To do – When you reach the line that contains "#230=CIRCLE('',#229,1.5);" in the data below, start reproducing lines exactly, and stop after the line that contains "#240=VERTEX_POINT('',#239);".

Records from a data collection:

=======

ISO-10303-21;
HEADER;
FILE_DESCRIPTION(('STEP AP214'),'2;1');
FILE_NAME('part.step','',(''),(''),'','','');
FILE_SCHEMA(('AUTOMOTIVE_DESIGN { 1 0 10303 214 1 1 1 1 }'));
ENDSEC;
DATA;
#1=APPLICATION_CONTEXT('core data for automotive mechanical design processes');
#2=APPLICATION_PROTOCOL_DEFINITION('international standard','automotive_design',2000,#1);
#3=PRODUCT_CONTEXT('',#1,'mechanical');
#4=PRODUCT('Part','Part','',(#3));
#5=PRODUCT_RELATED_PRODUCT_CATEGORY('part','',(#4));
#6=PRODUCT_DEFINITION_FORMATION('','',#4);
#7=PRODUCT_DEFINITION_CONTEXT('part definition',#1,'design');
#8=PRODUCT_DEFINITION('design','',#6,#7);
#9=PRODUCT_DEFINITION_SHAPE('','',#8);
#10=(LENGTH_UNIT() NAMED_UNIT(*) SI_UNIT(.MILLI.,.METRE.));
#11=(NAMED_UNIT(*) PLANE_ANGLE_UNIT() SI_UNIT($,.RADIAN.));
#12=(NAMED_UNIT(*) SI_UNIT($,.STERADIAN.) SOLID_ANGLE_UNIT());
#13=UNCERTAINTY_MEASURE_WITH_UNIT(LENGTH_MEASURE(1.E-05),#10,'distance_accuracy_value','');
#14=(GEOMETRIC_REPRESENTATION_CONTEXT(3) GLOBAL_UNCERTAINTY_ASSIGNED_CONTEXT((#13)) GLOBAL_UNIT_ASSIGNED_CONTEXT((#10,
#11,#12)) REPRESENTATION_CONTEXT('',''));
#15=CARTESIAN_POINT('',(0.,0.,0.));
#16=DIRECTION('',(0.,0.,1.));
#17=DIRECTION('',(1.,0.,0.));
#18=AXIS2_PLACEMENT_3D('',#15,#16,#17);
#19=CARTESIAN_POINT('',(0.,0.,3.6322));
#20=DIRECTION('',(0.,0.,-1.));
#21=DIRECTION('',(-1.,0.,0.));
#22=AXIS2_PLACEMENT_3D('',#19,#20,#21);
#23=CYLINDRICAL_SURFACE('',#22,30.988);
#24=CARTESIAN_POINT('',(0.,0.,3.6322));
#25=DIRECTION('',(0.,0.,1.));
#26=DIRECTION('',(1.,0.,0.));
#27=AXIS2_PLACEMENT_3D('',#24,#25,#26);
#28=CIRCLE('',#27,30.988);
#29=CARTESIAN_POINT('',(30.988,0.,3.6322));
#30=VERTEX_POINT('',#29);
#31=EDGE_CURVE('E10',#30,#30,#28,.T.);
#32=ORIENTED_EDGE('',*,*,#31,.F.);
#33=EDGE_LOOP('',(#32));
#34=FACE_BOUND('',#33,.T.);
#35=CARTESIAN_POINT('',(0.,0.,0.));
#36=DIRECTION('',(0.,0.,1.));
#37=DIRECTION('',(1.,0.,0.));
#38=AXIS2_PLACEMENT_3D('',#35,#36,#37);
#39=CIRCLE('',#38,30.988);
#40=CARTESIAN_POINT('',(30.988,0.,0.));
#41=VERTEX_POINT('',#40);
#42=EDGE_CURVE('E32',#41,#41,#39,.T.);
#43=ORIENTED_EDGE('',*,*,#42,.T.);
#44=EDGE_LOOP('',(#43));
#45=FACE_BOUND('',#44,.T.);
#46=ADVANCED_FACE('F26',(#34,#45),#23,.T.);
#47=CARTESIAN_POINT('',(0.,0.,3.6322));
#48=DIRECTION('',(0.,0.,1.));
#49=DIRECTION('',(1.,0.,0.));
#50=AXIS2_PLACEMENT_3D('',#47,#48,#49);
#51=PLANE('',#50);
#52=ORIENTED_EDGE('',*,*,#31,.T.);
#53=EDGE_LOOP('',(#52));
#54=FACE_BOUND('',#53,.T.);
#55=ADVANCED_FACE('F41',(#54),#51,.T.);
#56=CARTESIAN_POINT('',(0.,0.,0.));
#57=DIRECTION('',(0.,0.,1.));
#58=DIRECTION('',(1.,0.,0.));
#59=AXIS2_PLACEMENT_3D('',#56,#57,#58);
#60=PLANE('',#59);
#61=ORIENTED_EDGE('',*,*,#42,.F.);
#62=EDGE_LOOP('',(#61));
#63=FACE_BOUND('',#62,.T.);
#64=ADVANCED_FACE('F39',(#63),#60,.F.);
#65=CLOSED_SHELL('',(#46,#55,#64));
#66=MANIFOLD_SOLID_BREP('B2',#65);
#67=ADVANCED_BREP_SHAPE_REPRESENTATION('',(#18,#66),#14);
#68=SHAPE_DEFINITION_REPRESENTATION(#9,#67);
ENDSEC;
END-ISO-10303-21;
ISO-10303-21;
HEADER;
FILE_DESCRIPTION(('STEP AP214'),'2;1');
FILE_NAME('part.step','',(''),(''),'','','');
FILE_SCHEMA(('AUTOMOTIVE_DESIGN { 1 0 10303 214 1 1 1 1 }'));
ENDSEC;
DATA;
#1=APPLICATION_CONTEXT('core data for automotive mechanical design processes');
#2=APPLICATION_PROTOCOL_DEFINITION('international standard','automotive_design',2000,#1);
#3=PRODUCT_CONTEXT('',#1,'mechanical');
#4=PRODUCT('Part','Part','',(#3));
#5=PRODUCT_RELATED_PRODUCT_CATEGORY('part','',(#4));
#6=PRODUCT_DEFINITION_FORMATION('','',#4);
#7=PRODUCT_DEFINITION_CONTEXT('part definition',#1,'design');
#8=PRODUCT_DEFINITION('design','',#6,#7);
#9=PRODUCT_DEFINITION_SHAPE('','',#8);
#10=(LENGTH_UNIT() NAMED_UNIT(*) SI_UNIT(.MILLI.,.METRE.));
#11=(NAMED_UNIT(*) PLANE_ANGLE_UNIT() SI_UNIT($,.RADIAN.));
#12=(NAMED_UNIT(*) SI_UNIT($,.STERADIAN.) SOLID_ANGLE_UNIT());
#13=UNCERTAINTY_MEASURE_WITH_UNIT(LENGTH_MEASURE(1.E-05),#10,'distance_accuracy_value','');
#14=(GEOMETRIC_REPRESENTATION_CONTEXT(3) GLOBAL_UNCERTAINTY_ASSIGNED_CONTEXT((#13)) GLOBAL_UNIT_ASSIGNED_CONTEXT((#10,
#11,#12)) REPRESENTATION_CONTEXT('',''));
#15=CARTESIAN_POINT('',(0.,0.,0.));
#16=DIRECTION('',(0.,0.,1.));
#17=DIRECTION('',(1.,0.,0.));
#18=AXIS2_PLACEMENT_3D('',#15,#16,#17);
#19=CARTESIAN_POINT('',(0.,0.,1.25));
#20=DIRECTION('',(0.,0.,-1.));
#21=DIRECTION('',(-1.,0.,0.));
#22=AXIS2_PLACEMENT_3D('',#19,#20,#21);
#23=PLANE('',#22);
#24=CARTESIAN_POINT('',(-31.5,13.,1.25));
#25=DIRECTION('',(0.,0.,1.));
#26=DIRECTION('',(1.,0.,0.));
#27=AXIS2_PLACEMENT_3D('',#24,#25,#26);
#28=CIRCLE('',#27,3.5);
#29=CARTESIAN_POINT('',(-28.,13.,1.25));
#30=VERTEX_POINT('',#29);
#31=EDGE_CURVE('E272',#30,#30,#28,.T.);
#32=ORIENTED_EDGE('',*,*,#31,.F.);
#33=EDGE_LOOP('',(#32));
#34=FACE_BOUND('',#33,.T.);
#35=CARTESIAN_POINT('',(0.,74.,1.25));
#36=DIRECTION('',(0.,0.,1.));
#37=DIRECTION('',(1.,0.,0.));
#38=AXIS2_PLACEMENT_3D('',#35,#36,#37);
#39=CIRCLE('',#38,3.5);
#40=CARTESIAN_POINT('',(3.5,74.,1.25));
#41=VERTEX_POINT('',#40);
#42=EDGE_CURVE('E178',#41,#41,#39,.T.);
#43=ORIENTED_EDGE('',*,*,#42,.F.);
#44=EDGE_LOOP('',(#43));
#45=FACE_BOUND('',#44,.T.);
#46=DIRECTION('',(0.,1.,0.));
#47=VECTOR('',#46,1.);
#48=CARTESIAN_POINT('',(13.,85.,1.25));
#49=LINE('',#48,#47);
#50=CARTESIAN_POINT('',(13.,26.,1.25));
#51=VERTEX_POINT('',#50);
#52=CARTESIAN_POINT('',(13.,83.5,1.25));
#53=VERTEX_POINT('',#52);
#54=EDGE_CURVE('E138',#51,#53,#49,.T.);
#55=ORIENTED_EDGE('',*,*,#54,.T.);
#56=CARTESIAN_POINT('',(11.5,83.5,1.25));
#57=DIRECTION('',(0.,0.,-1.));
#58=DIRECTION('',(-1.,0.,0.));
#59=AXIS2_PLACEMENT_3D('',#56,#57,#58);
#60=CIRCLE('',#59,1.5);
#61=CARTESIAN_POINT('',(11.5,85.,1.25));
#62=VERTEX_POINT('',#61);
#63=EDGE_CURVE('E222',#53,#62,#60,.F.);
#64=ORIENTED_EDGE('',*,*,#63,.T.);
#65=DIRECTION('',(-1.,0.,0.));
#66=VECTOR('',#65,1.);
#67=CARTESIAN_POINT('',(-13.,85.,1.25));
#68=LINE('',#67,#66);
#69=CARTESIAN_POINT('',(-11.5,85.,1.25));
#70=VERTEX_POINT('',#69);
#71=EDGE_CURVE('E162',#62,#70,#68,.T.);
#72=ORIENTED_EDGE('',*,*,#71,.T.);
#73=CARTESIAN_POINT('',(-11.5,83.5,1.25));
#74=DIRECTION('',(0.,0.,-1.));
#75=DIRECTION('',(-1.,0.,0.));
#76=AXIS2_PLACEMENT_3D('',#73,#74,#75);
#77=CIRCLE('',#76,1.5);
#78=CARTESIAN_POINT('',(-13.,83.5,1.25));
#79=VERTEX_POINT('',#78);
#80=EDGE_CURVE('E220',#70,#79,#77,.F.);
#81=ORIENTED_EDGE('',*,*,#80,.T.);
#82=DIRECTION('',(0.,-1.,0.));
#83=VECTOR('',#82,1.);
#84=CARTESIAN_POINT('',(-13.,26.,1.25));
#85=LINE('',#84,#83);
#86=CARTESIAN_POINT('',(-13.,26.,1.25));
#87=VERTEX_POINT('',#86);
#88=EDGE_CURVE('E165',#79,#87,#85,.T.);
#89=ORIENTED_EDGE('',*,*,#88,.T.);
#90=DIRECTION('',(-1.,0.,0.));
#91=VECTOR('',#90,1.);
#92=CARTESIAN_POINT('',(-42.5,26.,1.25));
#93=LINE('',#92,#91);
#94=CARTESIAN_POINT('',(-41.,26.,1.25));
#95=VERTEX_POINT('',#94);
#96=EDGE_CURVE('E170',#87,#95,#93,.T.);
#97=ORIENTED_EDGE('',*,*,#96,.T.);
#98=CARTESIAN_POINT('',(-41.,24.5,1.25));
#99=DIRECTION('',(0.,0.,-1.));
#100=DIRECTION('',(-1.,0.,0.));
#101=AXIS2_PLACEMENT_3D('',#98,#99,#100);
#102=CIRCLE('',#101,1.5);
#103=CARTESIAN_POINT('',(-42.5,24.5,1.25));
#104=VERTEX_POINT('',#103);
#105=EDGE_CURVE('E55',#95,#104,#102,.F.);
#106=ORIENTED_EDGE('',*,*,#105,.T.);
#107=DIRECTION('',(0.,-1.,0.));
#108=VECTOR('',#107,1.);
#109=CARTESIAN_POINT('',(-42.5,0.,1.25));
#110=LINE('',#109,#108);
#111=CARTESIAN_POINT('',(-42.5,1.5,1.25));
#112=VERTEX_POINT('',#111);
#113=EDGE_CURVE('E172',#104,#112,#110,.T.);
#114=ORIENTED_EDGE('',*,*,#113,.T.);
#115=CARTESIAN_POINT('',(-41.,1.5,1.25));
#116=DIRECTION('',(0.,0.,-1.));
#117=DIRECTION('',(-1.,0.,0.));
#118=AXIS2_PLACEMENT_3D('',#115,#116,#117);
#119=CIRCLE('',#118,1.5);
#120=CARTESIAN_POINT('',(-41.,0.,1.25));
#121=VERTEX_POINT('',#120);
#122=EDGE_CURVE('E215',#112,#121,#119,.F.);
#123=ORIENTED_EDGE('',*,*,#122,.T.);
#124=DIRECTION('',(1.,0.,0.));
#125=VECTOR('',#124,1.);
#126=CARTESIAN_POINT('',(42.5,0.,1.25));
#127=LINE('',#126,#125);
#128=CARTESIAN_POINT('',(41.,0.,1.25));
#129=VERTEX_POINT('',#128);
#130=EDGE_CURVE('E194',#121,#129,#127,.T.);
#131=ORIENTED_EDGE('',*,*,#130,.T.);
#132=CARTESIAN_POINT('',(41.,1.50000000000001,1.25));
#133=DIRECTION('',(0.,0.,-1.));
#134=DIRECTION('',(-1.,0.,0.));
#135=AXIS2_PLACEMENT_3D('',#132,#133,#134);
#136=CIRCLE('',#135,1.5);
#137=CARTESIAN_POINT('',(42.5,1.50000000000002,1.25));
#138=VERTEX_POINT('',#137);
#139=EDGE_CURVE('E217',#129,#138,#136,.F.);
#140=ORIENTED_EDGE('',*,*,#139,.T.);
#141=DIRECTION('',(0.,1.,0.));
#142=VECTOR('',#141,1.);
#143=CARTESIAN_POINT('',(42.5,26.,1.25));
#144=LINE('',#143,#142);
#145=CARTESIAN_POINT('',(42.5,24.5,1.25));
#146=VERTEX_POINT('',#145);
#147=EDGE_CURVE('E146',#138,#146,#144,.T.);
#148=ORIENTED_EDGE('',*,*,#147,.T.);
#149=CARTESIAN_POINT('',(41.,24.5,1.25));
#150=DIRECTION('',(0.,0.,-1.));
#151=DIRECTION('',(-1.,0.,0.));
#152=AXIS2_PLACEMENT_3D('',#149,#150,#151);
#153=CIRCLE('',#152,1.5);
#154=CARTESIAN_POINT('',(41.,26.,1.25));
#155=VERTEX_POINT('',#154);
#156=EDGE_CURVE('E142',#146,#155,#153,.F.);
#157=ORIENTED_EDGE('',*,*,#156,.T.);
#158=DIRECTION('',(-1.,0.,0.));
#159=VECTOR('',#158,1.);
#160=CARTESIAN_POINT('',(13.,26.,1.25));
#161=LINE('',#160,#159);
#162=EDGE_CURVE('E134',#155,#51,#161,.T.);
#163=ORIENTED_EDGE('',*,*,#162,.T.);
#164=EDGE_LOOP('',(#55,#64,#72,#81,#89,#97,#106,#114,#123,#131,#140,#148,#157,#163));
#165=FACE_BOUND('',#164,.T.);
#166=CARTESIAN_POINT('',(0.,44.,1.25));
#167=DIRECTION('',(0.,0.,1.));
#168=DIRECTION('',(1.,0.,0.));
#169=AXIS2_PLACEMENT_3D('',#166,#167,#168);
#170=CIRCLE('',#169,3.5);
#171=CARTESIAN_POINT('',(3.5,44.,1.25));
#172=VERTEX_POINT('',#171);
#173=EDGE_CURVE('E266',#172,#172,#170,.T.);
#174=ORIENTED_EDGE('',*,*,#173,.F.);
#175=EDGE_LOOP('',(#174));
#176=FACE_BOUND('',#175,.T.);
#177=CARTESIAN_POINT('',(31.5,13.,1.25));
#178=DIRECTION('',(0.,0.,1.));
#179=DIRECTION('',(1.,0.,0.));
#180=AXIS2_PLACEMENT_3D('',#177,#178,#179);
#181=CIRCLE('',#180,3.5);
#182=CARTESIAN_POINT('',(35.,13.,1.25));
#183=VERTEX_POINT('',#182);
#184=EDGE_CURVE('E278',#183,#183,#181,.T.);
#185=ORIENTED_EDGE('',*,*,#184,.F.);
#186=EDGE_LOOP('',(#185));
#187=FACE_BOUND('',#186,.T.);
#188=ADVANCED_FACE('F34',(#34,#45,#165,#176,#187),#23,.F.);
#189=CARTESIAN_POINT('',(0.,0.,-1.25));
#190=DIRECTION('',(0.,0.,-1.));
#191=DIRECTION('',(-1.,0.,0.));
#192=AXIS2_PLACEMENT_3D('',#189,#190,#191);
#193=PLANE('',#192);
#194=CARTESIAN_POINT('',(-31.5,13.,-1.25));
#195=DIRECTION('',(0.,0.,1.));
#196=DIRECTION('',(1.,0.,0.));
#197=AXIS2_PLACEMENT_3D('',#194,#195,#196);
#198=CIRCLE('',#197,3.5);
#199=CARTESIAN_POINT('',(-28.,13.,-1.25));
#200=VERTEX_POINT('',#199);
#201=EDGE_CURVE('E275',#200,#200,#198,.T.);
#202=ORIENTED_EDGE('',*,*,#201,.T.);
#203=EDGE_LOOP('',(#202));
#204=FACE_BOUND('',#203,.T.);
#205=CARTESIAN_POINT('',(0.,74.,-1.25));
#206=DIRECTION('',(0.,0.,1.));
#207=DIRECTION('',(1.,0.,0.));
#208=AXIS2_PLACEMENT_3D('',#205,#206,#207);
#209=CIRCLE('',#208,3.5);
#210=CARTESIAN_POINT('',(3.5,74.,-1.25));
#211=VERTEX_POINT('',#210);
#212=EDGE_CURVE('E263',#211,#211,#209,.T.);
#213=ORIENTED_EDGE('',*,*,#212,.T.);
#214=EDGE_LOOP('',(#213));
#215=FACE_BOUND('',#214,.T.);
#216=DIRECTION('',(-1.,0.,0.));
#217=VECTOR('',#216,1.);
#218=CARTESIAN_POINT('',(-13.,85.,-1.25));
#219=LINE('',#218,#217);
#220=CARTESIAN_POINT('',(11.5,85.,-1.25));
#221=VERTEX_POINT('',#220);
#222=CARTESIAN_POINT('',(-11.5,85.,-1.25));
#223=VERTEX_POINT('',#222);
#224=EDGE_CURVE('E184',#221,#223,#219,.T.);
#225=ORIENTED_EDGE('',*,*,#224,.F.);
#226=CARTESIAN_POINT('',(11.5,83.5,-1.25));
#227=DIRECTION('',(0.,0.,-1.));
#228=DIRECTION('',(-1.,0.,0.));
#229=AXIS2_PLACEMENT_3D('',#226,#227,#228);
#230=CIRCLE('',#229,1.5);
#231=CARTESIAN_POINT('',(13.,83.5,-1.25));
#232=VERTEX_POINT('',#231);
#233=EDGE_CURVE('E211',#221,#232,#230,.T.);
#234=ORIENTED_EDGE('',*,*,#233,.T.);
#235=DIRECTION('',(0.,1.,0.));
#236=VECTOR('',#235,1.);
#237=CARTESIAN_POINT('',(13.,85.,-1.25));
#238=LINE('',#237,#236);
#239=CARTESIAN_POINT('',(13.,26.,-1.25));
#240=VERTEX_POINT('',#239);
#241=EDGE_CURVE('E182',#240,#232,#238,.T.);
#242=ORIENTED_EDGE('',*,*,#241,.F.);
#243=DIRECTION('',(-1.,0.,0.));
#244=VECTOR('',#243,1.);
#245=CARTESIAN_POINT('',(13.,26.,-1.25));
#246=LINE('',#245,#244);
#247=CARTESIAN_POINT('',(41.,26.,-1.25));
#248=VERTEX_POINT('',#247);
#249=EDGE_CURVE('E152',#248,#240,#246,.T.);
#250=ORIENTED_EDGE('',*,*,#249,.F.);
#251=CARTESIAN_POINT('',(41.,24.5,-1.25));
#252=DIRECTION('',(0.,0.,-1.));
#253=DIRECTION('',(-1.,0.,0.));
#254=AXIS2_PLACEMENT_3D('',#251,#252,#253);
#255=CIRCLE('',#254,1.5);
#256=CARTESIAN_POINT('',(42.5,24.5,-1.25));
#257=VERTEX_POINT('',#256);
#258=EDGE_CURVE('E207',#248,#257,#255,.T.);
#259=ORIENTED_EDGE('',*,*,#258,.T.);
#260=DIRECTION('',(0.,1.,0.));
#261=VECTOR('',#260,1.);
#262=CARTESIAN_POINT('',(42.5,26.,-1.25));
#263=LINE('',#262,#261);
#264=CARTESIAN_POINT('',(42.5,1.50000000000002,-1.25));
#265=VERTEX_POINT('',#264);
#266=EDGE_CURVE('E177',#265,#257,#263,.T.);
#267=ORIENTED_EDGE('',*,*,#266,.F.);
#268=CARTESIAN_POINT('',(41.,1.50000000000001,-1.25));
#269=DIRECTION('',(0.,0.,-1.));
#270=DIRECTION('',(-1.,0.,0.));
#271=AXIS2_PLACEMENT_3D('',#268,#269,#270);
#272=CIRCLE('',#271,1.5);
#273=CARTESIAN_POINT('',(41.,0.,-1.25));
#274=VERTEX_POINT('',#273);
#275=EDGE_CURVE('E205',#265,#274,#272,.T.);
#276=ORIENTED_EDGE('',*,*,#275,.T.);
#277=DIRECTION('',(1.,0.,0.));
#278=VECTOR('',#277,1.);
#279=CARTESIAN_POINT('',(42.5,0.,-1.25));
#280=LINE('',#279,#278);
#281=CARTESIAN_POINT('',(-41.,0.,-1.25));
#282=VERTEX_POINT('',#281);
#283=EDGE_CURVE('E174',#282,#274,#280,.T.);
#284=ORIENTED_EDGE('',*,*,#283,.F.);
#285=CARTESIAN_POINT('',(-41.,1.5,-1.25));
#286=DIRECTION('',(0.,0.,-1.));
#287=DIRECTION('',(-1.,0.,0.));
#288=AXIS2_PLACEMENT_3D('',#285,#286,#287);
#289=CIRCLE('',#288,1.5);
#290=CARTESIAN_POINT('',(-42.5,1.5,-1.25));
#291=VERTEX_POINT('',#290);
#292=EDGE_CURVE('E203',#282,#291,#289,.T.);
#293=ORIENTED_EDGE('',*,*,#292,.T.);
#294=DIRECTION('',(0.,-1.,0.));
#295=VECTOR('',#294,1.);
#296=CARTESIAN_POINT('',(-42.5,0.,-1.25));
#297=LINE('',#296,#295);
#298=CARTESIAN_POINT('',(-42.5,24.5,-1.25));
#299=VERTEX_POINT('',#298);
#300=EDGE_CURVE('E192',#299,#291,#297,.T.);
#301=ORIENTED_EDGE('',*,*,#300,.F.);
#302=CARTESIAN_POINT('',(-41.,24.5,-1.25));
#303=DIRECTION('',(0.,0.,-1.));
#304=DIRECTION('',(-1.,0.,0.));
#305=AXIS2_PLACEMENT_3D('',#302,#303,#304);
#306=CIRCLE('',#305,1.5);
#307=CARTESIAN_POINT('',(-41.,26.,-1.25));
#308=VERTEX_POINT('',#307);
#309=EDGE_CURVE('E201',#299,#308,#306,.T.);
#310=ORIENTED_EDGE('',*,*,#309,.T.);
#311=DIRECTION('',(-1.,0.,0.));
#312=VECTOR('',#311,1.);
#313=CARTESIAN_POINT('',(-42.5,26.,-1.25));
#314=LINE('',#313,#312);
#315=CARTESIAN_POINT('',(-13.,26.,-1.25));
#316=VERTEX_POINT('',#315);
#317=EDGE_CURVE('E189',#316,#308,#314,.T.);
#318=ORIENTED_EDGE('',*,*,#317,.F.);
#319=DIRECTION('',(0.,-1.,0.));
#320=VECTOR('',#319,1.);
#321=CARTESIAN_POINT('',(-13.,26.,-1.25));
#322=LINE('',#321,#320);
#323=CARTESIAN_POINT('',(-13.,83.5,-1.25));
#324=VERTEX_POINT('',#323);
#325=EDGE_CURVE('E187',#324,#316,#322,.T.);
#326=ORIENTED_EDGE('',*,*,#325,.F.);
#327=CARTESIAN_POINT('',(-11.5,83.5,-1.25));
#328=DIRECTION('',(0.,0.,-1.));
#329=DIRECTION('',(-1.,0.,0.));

=======

Problem solution –
#230=CIRCLE('',#229,1.5);
#231=CARTESIAN_POINT('',(13.,83.5,-1.25));
#232=VERTEX_POINT('',#231);
#233=EDGE_CURVE('E211',#221,#232,#230,.T.);
#234=ORIENTED_EDGE('',*,*,#233,.T.);
#235=DIRECTION('',(0.,1.,0.));
#236=VECTOR('',#235,1.);
#237=CARTESIAN_POINT('',(13.,85.,-1.25));
#238=LINE('',#237,#236);
#239=CARTESIAN_POINT('',(13.,26.,-1.25));
#240=VERTEX_POINT('',#239);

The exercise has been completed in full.